Various chelonia - red ears, common snapper, european pond tortoise. Various wall lizards, western greens. Fire salamander, alpine newts, pool frogs, marsh frogs, european green tree's (many years ago). Strangest was a whites tree frog, i went to a house where the new owners had found a medium sized tree frog sitting on a spade handle by their pond one august evening - apparently the previous owners had let some tadpoles go in their pond early that year, and the little fella was a result of this, had thrived and grown to quite a large size due to abundant prey. I still have him today.


----------



## gtm (Jan 23, 2008)

I heard a story about a colony of corn snakes in Essex.


----------



## Matt Harris (Aug 21, 2007)

gtm said:


> I heard a story about a colony of corn snakes in Essex.


Be interesting to know if this is true - I don't see why not as they can be found quite far north in the States.


----------



## stuartdouglas (Mar 5, 2008)

I've heard of a colony of _Hyla cinerea_ in the New Forest, the scorpions in Chatam Dockyard, Folkestone docks and Ongar railway station. Theoretically it would be possible for numerous species to thrive in our climate. For instance, _Grammostola rosea_ (Chile Rose tarantula) spends months under a layer of snow in its natural habitat.
Keep 'em coming, I'm fascinated by the abilities of non-native species to adapt and thrive here


----------



## Shiori (Nov 20, 2007)

Where i used to live we were always getting wood deliverys for the stable yard and the guy next door had been picking up various bits and pieces for decades. Anyway ive seen small scorpions, and giant millipedes around there. Have also seen many types of spider and beetle that im sure are not native.
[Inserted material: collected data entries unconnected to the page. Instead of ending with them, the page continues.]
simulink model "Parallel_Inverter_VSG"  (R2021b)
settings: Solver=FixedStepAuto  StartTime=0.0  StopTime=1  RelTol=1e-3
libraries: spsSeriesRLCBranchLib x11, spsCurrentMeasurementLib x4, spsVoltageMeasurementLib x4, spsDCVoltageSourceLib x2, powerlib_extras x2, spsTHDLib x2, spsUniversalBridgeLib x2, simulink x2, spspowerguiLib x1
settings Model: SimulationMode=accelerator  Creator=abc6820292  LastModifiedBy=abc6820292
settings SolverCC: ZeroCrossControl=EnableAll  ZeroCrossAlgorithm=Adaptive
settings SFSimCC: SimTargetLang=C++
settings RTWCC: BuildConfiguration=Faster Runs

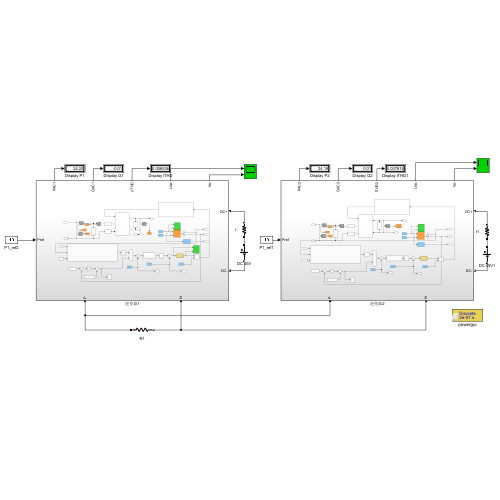
[thumbnail: Simulink's stored preview of the top-level diagram]
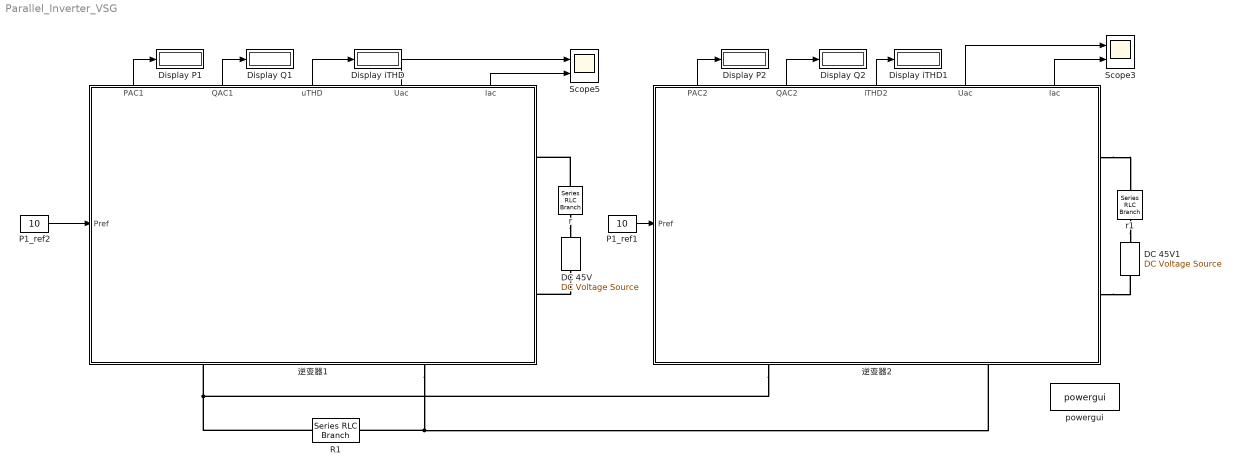
== system Parallel_Inverter_VSG ==
  DC 45V : spsDCVoltageSourceLib/DC Voltage Source  Amplitude=45  Measurements=None
  DC 45V1 : spsDCVoltageSourceLib/DC Voltage Source  Amplitude=45  Measurements=None
  Display P1 : Display
      settings: Format=bank
  Display P2 : Display
      settings: Format=bank
  Display Q1 : Display
      settings: Format=bank
  Display Q2 : Display
      settings: Format=bank
  Display iTHD : Display
  Display iTHD1 : Display
  P1_ref1 : Constant  Value=10
  P1_ref2 : Constant  Value=10
  R1 : spsSeriesRLCBranchLib/Series RLC Branch  LConnTagsString=__new0  RConnTagsString=__new0  BranchType=R  Resistance=12  Inductance=0  SetiL0=off  InitialCurrent=0  Capacitance=3e-4  Setx0=off  InitialVoltage=350  Measurements=None
  Scope3 : Scope  NumInputPorts=2
  Scope5 : Scope  NumInputPorts=2
  powergui : spspowerguiLib/powergui  SimulationMode=Discrete  SampleTime=2e-7  frequency=60  Iterations=50  frequencyindice=0  Pbase=100e6  ErrMax=1e-4  UnitsV=kV  UnitsW=MW  buscounter=0  FunctionMessages=off  echomessages=off  EnableUseOfTLC=off  CurrentSourceSwitches=off  DisableSnubberDevices=off  DisableRonSwitches=off  DisableVfSwitches=off  DisplayEquations=off  AutomaticDiscreteSolvers=off  SolverType=Tustin/Backward Euler (TBE)  Interpol=off  ExternalGateDelay=off  methode=off  Ts=0  x0status=blocks  SPID=off  SwTol=0  HookPort=off  NonlinearTolerance=1e-4  nMaxIteration=100  ContinueOnMaxIteration=off  RestoreLinks=warning  ResistiveCurrentMeasurement=off  Frange=[0:2:500]  Ylog=off  Xlog=on  ShowGrid=off  save=off  variable=ZData  structure=QQQQQ  ZoomFFT=off  StartTime=0.5  cycles=15  DisplayStyle=1  fundamental=50  FreqAxis=off  MaxFrequency=1000  frequencyindicesteady=1  RmsSteady=1  display=off
  r : spsSeriesRLCBranchLib/Series RLC Branch  LConnTagsString=__new0  RConnTagsString=__new0  BranchType=R  Resistance=0.05  Inductance=0  SetiL0=off  InitialCurrent=0  Capacitance=2e-3  Setx0=on  InitialVoltage=390  Measurements=None
  r1 : spsSeriesRLCBranchLib/Series RLC Branch  LConnTagsString=__new0  RConnTagsString=__new0  BranchType=R  Resistance=0.05  Inductance=0  SetiL0=off  InitialCurrent=0  Capacitance=2e-3  Setx0=on  InitialVoltage=390  Measurements=None
  逆变器1 : Subsystem
      settings: PortSchema="{\"entries\":[{\"content\":{\"sides\":[{\"content\":{\"connectorIds\":[\"In1\"]},\"type\":\"ConnectorPlacement.EquallySpacedRectSide\",\"uuid\":\"bea3d649-ea16-4ede-b4a3-db27428ff183\"},{\"content\":{\"connectorIds\":[\"RConn1\",\"RConn2\"],\"side\":\"RIGHT\"},\"type\":\"ConnectorPlacement.EquallySpacedRectSide\",\"uuid\":\"c4ad4349-eb8f-48f4-b2b9-d35e08430d05\"},{\"content\":{\"connectorIds\":[\"Out1\",\"Out2\",\"Out3\",\"Out4\",\"Out5\"],\"side\":\"TOP\"},\"type\":\"ConnectorPlacement.EquallySpacedRectSide\",\"uuid\":\"7c68d96b-b93d-4a12-819a-4c9a93b50c2f\"},{\"content\":{\"connectorIds\":[\"RConn3\",\"RConn4\"],\"side\":\"BOTTOM\"},\"type\":\"ConnectorPlacement.EquallySpacedRectSide\",\"uuid\":\"1109a0f2-0200-4778-be81-be65e9d67cf4\"}]},\"type\":\"ConnectorPlacement.EquallySpacedConnector\",\"uuid\":\"8557925e-2abb-4538-b581-1ff4712c6dfe\"}],\"packageUris\":[\"http://schema.mathworks.com/mf0/Connector/R2020b\"],\"version\":\"1.0\"}"
  逆变器2 : Subsystem
      settings: PortSchema="{\"entries\":[{\"content\":{\"sides\":[{\"content\":{\"connectorIds\":[\"In1\"]},\"type\":\"ConnectorPlacement.EquallySpacedRectSide\",\"uuid\":\"bea3d649-ea16-4ede-b4a3-db27428ff183\"},{\"content\":{\"connectorIds\":[\"RConn1\",\"RConn2\"],\"side\":\"RIGHT\"},\"type\":\"ConnectorPlacement.EquallySpacedRectSide\",\"uuid\":\"c4ad4349-eb8f-48f4-b2b9-d35e08430d05\"},{\"content\":{\"connectorIds\":[\"Out1\",\"Out2\",\"Out3\",\"Out4\",\"Out5\"],\"side\":\"TOP\"},\"type\":\"ConnectorPlacement.EquallySpacedRectSide\",\"uuid\":\"7c68d96b-b93d-4a12-819a-4c9a93b50c2f\"},{\"content\":{\"connectorIds\":[\"RConn3\",\"RConn4\"],\"side\":\"BOTTOM\"},\"type\":\"ConnectorPlacement.EquallySpacedRectSide\",\"uuid\":\"1109a0f2-0200-4778-be81-be65e9d67cf4\"}]},\"type\":\"ConnectorPlacement.EquallySpacedConnector\",\"uuid\":\"8557925e-2abb-4538-b581-1ff4712c6dfe\"}],\"packageUris\":[\"http://schema.mathworks.com/mf0/Connector/R2020b\"],\"version\":\"1.0\"}"
  wires:
  逆变器1/1(PAC1) -> Display P1/1
  逆变器1/2(QAC1) -> Display Q1/1
  逆变器1/3(uTHD) -> Display iTHD/1
  逆变器2/5(Iac) -> Scope3/2
  逆变器2/4(Uac) -> Scope3/1
  逆变器2/3(iTHD2) -> Display iTHD1/1
  P1_ref2/1 -> 逆变器1/1(Pref)
  P1_ref1/1 -> 逆变器2/1(Pref)
  逆变器2/2(QAC2) -> Display Q2/1
  逆变器2/1(PAC2) -> Display P2/1
  逆变器1/4(Uac) -> Scope5/1
  逆变器1/5(Iac) -> Scope5/2
  connections:
  DC 45V/LConn1 -- 逆变器1/RConn2
  r/RConn1 -- DC 45V/RConn1
  r/LConn1 -- 逆变器1/RConn1
  逆变器2/RConn2 -- DC 45V1/LConn1
  逆变器2/RConn1 -- r1/LConn1
  r1/RConn1 -- DC 45V1/RConn1
  逆变器2/RConn3 -- R1/LConn1 -- 逆变器1/RConn3
  逆变器1/RConn4 -- 逆变器2/RConn4 -- R1/RConn1

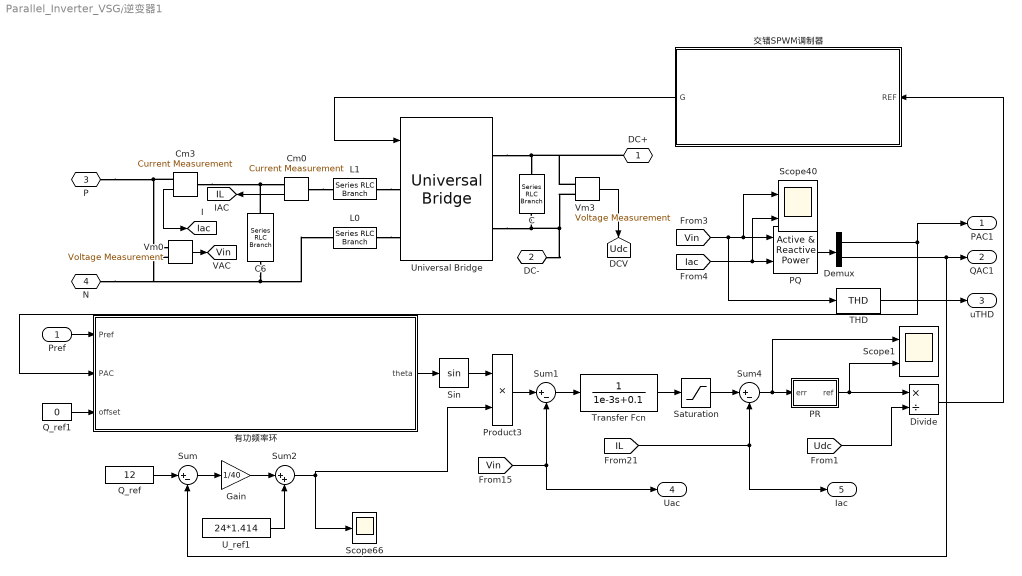
== system Parallel_Inverter_VSG/逆变器1 ==
  Pref : Inport
  C : spsSeriesRLCBranchLib/Series RLC Branch  LConnTagsString=__new0  RConnTagsString=__new0  BranchType=C  Resistance=0.05  Inductance=0  SetiL0=off  InitialCurrent=0  Capacitance=4e-3  Setx0=on  InitialVoltage=45  Measurements=None
  C6 : spsSeriesRLCBranchLib/Series RLC Branch  LConnTagsString=__new0  RConnTagsString=__new0  BranchType=RC  Resistance=1  Inductance=0  SetiL0=off  InitialCurrent=0  Capacitance=3e-6  Setx0=off  InitialVoltage=350  Measurements=None
  Cm0 : spsCurrentMeasurementLib/Current Measurement  PhasorSimulation=off  OutputType=Complex  PSBequivalent=0
  Cm3 : spsCurrentMeasurementLib/Current Measurement  PhasorSimulation=off  OutputType=Complex  PSBequivalent=0
  Demux : Demux  Outputs=2
  Divide : Product  Inputs=*/
  Gain : Gain  Gain=1/40
  L0 : spsSeriesRLCBranchLib/Series RLC Branch  LConnTagsString=__new0  RConnTagsString=__new0  BranchType=RL  Resistance=81e-3  Inductance=5e-4  SetiL0=off  InitialCurrent=0  Capacitance=inf  Setx0=off  InitialVoltage=0  Measurements=None
  L1 : spsSeriesRLCBranchLib/Series RLC Branch  LConnTagsString=__new0  RConnTagsString=__new0  BranchType=RL  Resistance=81e-3  Inductance=5e-4  SetiL0=off  InitialCurrent=0  Capacitance=inf  Setx0=off  InitialVoltage=0  Measurements=None
  PQ : powerlib_extras/Measurements/Active & Reactive Power  f1=50
      settings: SourceProductBaseCode=PS
  PR : Subsystem  TreatAsAtomicUnit=on  mask{Kp=4, Kr=100, Wc=5, Upper=100, Lower=-100}
  Product3 : Product
  Q_ref : Constant  Value=12
  Q_ref1 : Constant  Value=0
  Saturation : Saturate  UpperLimit=30  LowerLimit=-30
  Scope1 : Scope  NumInputPorts=2
  Scope40 : Scope  NumInputPorts=2
  Scope66 : Scope
  Sin : Trigonometry
  Sum : Sum  Inputs=|+-
  Sum1 : Sum  Inputs=|+-
  Sum2 : Sum  Inputs=|++
  Sum4 : Sum  Inputs=|+-
  THD : spsTHDLib/THD  Freq=50  Ts=0
      settings: SourceProductBaseCode=PS
  Transfer Fcn : TransferFcn  Denominator=[1e-3 0.1]
  U_ref1 : Constant  Value=24*1.414
  Universal Bridge : spsUniversalBridgeLib/Universal Bridge  Arms=2  SnubberResistance=1e5  SnubberCapacitance=inf  Device=MOSFET / Diodes  Ron=0.01  Lon=0  ForwardVoltages="[  0  0  ]"  ForwardVoltage=0  GTOparameters=[ 10e-6 , 20e-6 ]  IGBTparameters=[ 1e-6 , 2e-6 ]  Measurements=None  Measurements_2=None  converterType=Rectifier
  Vm0 : spsVoltageMeasurementLib/Voltage Measurement  PhasorSimulation=off  OutputType=Complex  PSBequivalent=0
  Vm3 : spsVoltageMeasurementLib/Voltage Measurement  PhasorSimulation=off  OutputType=Complex  PSBequivalent=0
  交错SPWM调制器 : Subsystem
  有功频率环 : Subsystem
  DC+ : PMIOPort  Side=Right
  DC- : PMIOPort  Port=2  Side=Right
  P : PMIOPort  Port=3  Side=Right
  N : PMIOPort  Port=4  Side=Right
  PAC1 : Outport
  QAC1 : Outport  Port=2
  uTHD : Outport  Port=3
  Uac : Outport  Port=4
  Iac : Outport  Port=5
  tag scope: IL=global, Iac=global, Udc=global, Vin=global
  wires:
  Vm0/1 -> [Vin]
  Cm0/1 -> [IL]
  Vm3/1 -> [Udc]
  Cm3/1 -> [Iac]
  Sum/1 -> Gain/1
  Saturation/1 -> Sum4/1
  Sum4/1 -> Scope1/1, PR/1(err)
  Pref/1 -> 有功频率环/1(Pref)
  有功频率环/1(theta) -> Sin/1
  PR/1(ref) -> Divide/1, Scope1/2
  Gain/1 -> Sum2/1
  Divide/1 -> 交错SPWM调制器/1(REF)
  [Udc] -> Divide/2
  Sum2/1 -> Product3/2, Scope66/1
  Sin/1 -> Product3/1
  Product3/1 -> Sum1/1
  Q_ref/1 -> Sum/1
  U_ref1/1 -> Sum2/2
  [Vin] -> Uac/1, Sum1/2
  [IL] -> Iac/1, Sum4/2
  交错SPWM调制器/1(G) -> Universal Bridge/1
  THD/1 -> uTHD/1
  Demux/2 -> QAC1/1, Sum/2
  [Iac] -> Scope40/2, PQ/2
  PQ/1 -> Demux/1
  Demux/1 -> PAC1/1, 有功频率环/2(PAC)
  Q_ref1/1 -> 有功频率环/3(offset)
  Sum1/1 -> Transfer Fcn/1
  Transfer Fcn/1 -> Saturation/1
  [Vin] -> Scope40/1, PQ/1, THD/1
  connections:
  L0/LConn1 -- Universal Bridge/LConn2
  Vm3/LConn2 -- DC-/RConn1 -- C/RConn1 -- Universal Bridge/RConn2
  L1/LConn1 -- Universal Bridge/LConn1
  C6/LConn1 -- Cm3/LConn1 -- Cm0/RConn1
  Cm0/LConn1 -- L1/RConn1
  C6/RConn1 -- N/RConn1 -- Vm0/LConn2 -- L0/RConn1
  Universal Bridge/RConn1 -- DC+/RConn1 -- Vm3/LConn1 -- C/LConn1
  Cm3/RConn1 -- P/RConn1 -- Vm0/LConn1

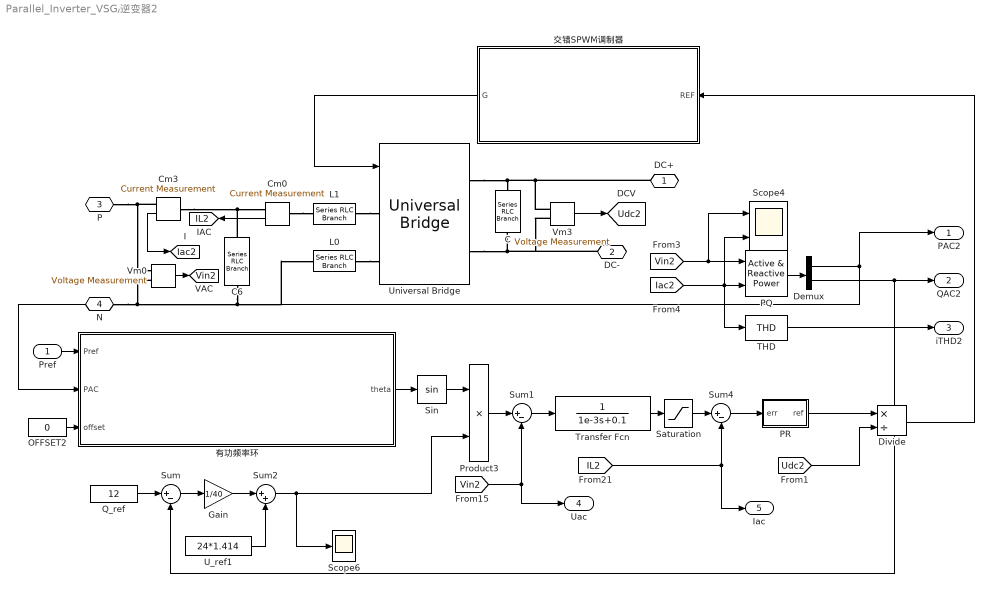
== system Parallel_Inverter_VSG/逆变器2 ==
  Pref : Inport
  C : spsSeriesRLCBranchLib/Series RLC Branch  LConnTagsString=__new0  RConnTagsString=__new0  BranchType=C  Resistance=0.05  Inductance=0  SetiL0=off  InitialCurrent=0  Capacitance=3e-3  Setx0=on  InitialVoltage=45  Measurements=None
  C6 : spsSeriesRLCBranchLib/Series RLC Branch  LConnTagsString=__new0  RConnTagsString=__new0  BranchType=RC  Resistance=1  Inductance=0  SetiL0=off  InitialCurrent=0  Capacitance=3e-6  Setx0=off  InitialVoltage=350  Measurements=None
  Cm0 : spsCurrentMeasurementLib/Current Measurement  PhasorSimulation=off  OutputType=Complex  PSBequivalent=0
  Cm3 : spsCurrentMeasurementLib/Current Measurement  PhasorSimulation=off  OutputType=Complex  PSBequivalent=0
  Demux : Demux  Outputs=2
  Divide : Product  Inputs=*/
  Gain : Gain  Gain=1/40
  L0 : spsSeriesRLCBranchLib/Series RLC Branch  LConnTagsString=__new0  RConnTagsString=__new0  BranchType=RL  Resistance=0.05  Inductance=5e-4  SetiL0=off  InitialCurrent=0  Capacitance=inf  Setx0=off  InitialVoltage=0  Measurements=None
  L1 : spsSeriesRLCBranchLib/Series RLC Branch  LConnTagsString=__new0  RConnTagsString=__new0  BranchType=RL  Resistance=0.05  Inductance=5e-4  SetiL0=off  InitialCurrent=0  Capacitance=inf  Setx0=off  InitialVoltage=0  Measurements=None
  OFFSET2 : Constant  Value=0
  PQ : powerlib_extras/Measurements/Active & Reactive Power  f1=50
      settings: SourceProductBaseCode=PS
  PR : Subsystem  TreatAsAtomicUnit=on  mask{Kp=4, Kr=100, Wc=5, Upper=100, Lower=-100}
  Product3 : Product
  Q_ref : Constant  Value=12
  Saturation : Saturate  UpperLimit=30  LowerLimit=-30
  Scope4 : Scope  NumInputPorts=2
  Scope6 : Scope
  Sin : Trigonometry
  Sum : Sum  Inputs=|+-
  Sum1 : Sum  Inputs=|+-
  Sum2 : Sum  Inputs=|++
  Sum4 : Sum  Inputs=|+-
  THD : spsTHDLib/THD  Freq=50  Ts=0
      settings: SourceProductBaseCode=PS
  Transfer Fcn : TransferFcn  Denominator=[1e-3 0.1]
  U_ref1 : Constant  Value=24*1.414
  Universal Bridge : spsUniversalBridgeLib/Universal Bridge  Arms=2  SnubberResistance=1e5  SnubberCapacitance=inf  Device=MOSFET / Diodes  Ron=1e-2  Lon=0  ForwardVoltages="[  0  0  ]"  ForwardVoltage=0  GTOparameters=[ 10e-6 , 20e-6 ]  IGBTparameters=[ 1e-6 , 2e-6 ]  Measurements=None  Measurements_2=None  converterType=Rectifier
  Vm0 : spsVoltageMeasurementLib/Voltage Measurement  PhasorSimulation=off  OutputType=Complex  PSBequivalent=0
  Vm3 : spsVoltageMeasurementLib/Voltage Measurement  PhasorSimulation=off  OutputType=Complex  PSBequivalent=0
  交错SPWM调制器 : Subsystem
  有功频率环 : Subsystem
  DC+ : PMIOPort  Side=Right
  DC- : PMIOPort  Port=2  Side=Right
  P : PMIOPort  Port=3  Side=Right
  N : PMIOPort  Port=4  Side=Right
  PAC2 : Outport
  QAC2 : Outport  Port=2
  iTHD2 : Outport  Port=3
  Uac : Outport  Port=4
  Iac : Outport  Port=5
  tag scope: IL2=global, Iac2=global, Udc2=global, Vin2=global
  wires:
  Vm0/1 -> [Vin2]
  Cm0/1 -> [IL2]
  Vm3/1 -> [Udc2]
  Cm3/1 -> [Iac2]
  Sum/1 -> Gain/1
  Saturation/1 -> Sum4/1
  Sum4/1 -> PR/1(err)
  Pref/1 -> 有功频率环/1(Pref)
  有功频率环/1(theta) -> Sin/1
  PR/1(ref) -> Divide/1
  Gain/1 -> Sum2/1
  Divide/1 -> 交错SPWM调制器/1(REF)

Could be all sorts of other creatures living around there. 
Also my o/h used to do a lot of fishing and hooked a massive snapping turtle once. Scared the living daylights out of him.


----------



## Joe1507 (Aug 11, 2008)

stuartdouglas said:


> I've heard of a colony of _Hyla cinerea_ in the New Forest, the scorpions in Chatam Dockyard, Folkestone docks and Ongar railway station. Theoretically it would be possible for numerous species to thrive in our climate. For instance, _Grammostola rosea_ (Chile Rose tarantula) spends months under a layer of snow in its natural habitat.
> Keep 'em coming, I'm fascinated by the abilities of non-native species to adapt and thrive here


 
I live in folkestone, theres lots of scorpiopns around u gotta know where to look


----------



## sandmatt (Oct 25, 2008)

Only terrapins and bull frogs: victory:


----------



## DASSIE (Jul 8, 2006)

aberant caliking and a big ratsnake (just outside my rodent shed) , both in the centre of the universe (skem) . 

in SA , I got several exotic species from baby retics to burmese and corns etc . Prob escapee pets tbh . 

NIk


----------



## spend_day (Apr 10, 2008)

not a herp but we have more muntjac deer that u can shake a stick at in my home town. seriously hundreds of them. some people still wont belive we have several herds of deer living in the town tho and most people dont even know they're there. one ran into the side of my OH's car not long back.


----------



## Gaboon (Jun 20, 2005)

My mate found a baby hermans tortoise in his garden which turned out to be from next door. Roath park in Cardiff apparently has plenty of released terrapins and possibly other turtles. Whilst living in Somerset I saw a tadpole that was not native, it was far too big! Didnt manage to catch the bugger though. Possibly a bull frog tad?

Interesting topic.


----------



## exoticsandtropics (Mar 11, 2007)

there are xenopus frogs in the isle of wight and aesculpian spelling? snakes along the river in camden.


----------



## wolves121121 (Mar 27, 2008)

heres a link to some of the introduced reps in the uk. theres a good write up on wall lizards

Surrey Amphibian and Reptile Group (SARG) - Reptiles


----------



## sean k (Dec 20, 2007)

*no native herps*

i would really like to find some non native herps. shame i have never seen any. lol


----------



## wolves121121 (Mar 27, 2008)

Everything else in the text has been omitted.